### Action item
Each line starting at the one that contains "arc A14 (-299.9627, 4.7329)" and ending at the one that contains "constraint coincident A0 L0.start" must be returned exactly, and the rest of the listing is left out.

### Given entries
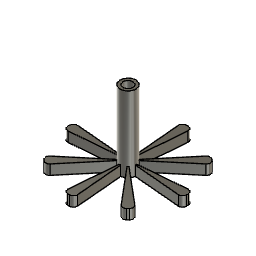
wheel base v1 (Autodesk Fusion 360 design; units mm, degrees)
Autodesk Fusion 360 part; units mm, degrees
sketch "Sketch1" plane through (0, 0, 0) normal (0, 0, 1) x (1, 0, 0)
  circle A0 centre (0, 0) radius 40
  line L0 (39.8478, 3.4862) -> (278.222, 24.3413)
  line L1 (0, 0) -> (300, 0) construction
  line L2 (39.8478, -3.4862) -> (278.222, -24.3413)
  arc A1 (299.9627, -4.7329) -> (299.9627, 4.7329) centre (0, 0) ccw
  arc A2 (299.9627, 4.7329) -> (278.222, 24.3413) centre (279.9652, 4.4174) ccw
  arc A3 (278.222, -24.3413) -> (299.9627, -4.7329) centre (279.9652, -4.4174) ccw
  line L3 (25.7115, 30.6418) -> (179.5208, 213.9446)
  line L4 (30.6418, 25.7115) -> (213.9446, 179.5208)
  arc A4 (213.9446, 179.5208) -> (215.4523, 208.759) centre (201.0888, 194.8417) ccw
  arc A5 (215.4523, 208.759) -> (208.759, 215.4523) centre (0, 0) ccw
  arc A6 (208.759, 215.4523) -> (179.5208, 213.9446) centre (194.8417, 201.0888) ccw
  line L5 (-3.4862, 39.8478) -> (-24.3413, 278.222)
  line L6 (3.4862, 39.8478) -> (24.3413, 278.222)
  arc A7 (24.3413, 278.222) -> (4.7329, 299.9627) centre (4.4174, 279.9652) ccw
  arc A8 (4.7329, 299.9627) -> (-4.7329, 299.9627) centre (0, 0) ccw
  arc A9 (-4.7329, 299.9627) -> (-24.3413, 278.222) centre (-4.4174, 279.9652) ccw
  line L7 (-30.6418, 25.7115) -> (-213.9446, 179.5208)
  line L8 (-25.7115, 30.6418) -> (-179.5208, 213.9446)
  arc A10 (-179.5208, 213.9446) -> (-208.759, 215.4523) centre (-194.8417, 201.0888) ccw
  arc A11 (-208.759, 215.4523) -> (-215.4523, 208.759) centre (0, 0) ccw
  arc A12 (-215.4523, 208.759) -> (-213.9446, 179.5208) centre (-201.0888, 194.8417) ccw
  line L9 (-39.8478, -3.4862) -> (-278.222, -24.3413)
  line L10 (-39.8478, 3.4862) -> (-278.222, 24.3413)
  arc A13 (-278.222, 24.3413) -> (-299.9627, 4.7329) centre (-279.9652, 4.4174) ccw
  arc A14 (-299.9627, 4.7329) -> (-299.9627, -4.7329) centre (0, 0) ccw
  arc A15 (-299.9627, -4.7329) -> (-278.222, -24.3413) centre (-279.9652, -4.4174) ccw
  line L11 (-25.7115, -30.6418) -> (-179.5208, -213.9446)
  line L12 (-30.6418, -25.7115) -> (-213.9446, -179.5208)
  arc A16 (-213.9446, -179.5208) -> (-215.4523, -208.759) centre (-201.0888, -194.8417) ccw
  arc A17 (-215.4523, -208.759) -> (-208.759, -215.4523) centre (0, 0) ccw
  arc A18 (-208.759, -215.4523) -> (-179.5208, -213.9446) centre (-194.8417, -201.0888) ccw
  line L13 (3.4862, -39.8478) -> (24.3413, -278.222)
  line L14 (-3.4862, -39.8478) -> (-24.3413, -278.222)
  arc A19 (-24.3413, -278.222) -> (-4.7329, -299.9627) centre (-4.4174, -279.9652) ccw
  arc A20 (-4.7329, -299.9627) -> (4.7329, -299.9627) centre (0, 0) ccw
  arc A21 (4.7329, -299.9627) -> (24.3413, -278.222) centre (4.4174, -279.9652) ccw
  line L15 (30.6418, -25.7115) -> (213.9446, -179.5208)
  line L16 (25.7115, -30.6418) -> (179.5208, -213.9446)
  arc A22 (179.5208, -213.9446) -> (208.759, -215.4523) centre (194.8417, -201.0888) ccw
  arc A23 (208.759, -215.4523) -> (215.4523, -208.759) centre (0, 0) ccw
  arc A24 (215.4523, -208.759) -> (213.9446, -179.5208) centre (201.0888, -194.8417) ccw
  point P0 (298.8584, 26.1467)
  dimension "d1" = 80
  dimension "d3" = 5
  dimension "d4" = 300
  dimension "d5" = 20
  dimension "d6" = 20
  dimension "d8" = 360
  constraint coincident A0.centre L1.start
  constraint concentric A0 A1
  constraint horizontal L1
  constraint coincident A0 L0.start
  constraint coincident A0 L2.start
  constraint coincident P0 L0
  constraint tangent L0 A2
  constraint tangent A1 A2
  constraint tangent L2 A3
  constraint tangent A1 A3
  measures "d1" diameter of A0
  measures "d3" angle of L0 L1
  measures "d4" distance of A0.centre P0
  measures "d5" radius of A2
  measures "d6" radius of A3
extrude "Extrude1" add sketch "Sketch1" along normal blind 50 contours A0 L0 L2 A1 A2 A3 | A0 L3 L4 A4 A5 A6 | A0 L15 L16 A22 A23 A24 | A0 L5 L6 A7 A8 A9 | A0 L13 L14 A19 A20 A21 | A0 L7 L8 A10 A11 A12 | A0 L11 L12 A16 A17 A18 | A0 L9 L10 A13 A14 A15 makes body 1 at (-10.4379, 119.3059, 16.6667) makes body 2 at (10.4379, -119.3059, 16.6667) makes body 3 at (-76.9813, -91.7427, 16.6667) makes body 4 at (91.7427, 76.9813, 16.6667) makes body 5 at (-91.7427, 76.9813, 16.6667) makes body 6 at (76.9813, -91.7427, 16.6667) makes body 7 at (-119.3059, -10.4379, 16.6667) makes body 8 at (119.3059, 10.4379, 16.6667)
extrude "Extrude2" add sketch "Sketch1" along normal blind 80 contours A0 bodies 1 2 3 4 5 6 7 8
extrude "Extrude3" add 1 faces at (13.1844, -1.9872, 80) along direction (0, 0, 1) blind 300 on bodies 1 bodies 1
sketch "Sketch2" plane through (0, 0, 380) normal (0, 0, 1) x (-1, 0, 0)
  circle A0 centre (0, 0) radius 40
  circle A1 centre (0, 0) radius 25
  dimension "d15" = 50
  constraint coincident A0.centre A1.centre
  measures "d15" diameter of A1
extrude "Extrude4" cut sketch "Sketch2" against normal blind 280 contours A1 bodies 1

### Completed exercise
  arc A14 (-299.9627, 4.7329) -> (-299.9627, -4.7329) centre (0, 0) ccw
  arc A15 (-299.9627, -4.7329) -> (-278.222, -24.3413) centre (-279.9652, -4.4174) ccw
  line L11 (-25.7115, -30.6418) -> (-179.5208, -213.9446)
  line L12 (-30.6418, -25.7115) -> (-213.9446, -179.5208)
  arc A16 (-213.9446, -179.5208) -> (-215.4523, -208.759) centre (-201.0888, -194.8417) ccw
  arc A17 (-215.4523, -208.759) -> (-208.759, -215.4523) centre (0, 0) ccw
  arc A18 (-208.759, -215.4523) -> (-179.5208, -213.9446) centre (-194.8417, -201.0888) ccw
  line L13 (3.4862, -39.8478) -> (24.3413, -278.222)
  line L14 (-3.4862, -39.8478) -> (-24.3413, -278.222)
  arc A19 (-24.3413, -278.222) -> (-4.7329, -299.9627) centre (-4.4174, -279.9652) ccw
  arc A20 (-4.7329, -299.9627) -> (4.7329, -299.9627) centre (0, 0) ccw
  arc A21 (4.7329, -299.9627) -> (24.3413, -278.222) centre (4.4174, -279.9652) ccw
  line L15 (30.6418, -25.7115) -> (213.9446, -179.5208)
  line L16 (25.7115, -30.6418) -> (179.5208, -213.9446)
  arc A22 (179.5208, -213.9446) -> (208.759, -215.4523) centre (194.8417, -201.0888) ccw
  arc A23 (208.759, -215.4523) -> (215.4523, -208.759) centre (0, 0) ccw
  arc A24 (215.4523, -208.759) -> (213.9446, -179.5208) centre (201.0888, -194.8417) ccw
  point P0 (298.8584, 26.1467)
  dimension "d1" = 80
  dimension "d3" = 5
  dimension "d4" = 300
  dimension "d5" = 20
  dimension "d6" = 20
  dimension "d8" = 360
  constraint coincident A0.centre L1.start
  constraint concentric A0 A1
  constraint horizontal L1
  constraint coincident A0 L0.start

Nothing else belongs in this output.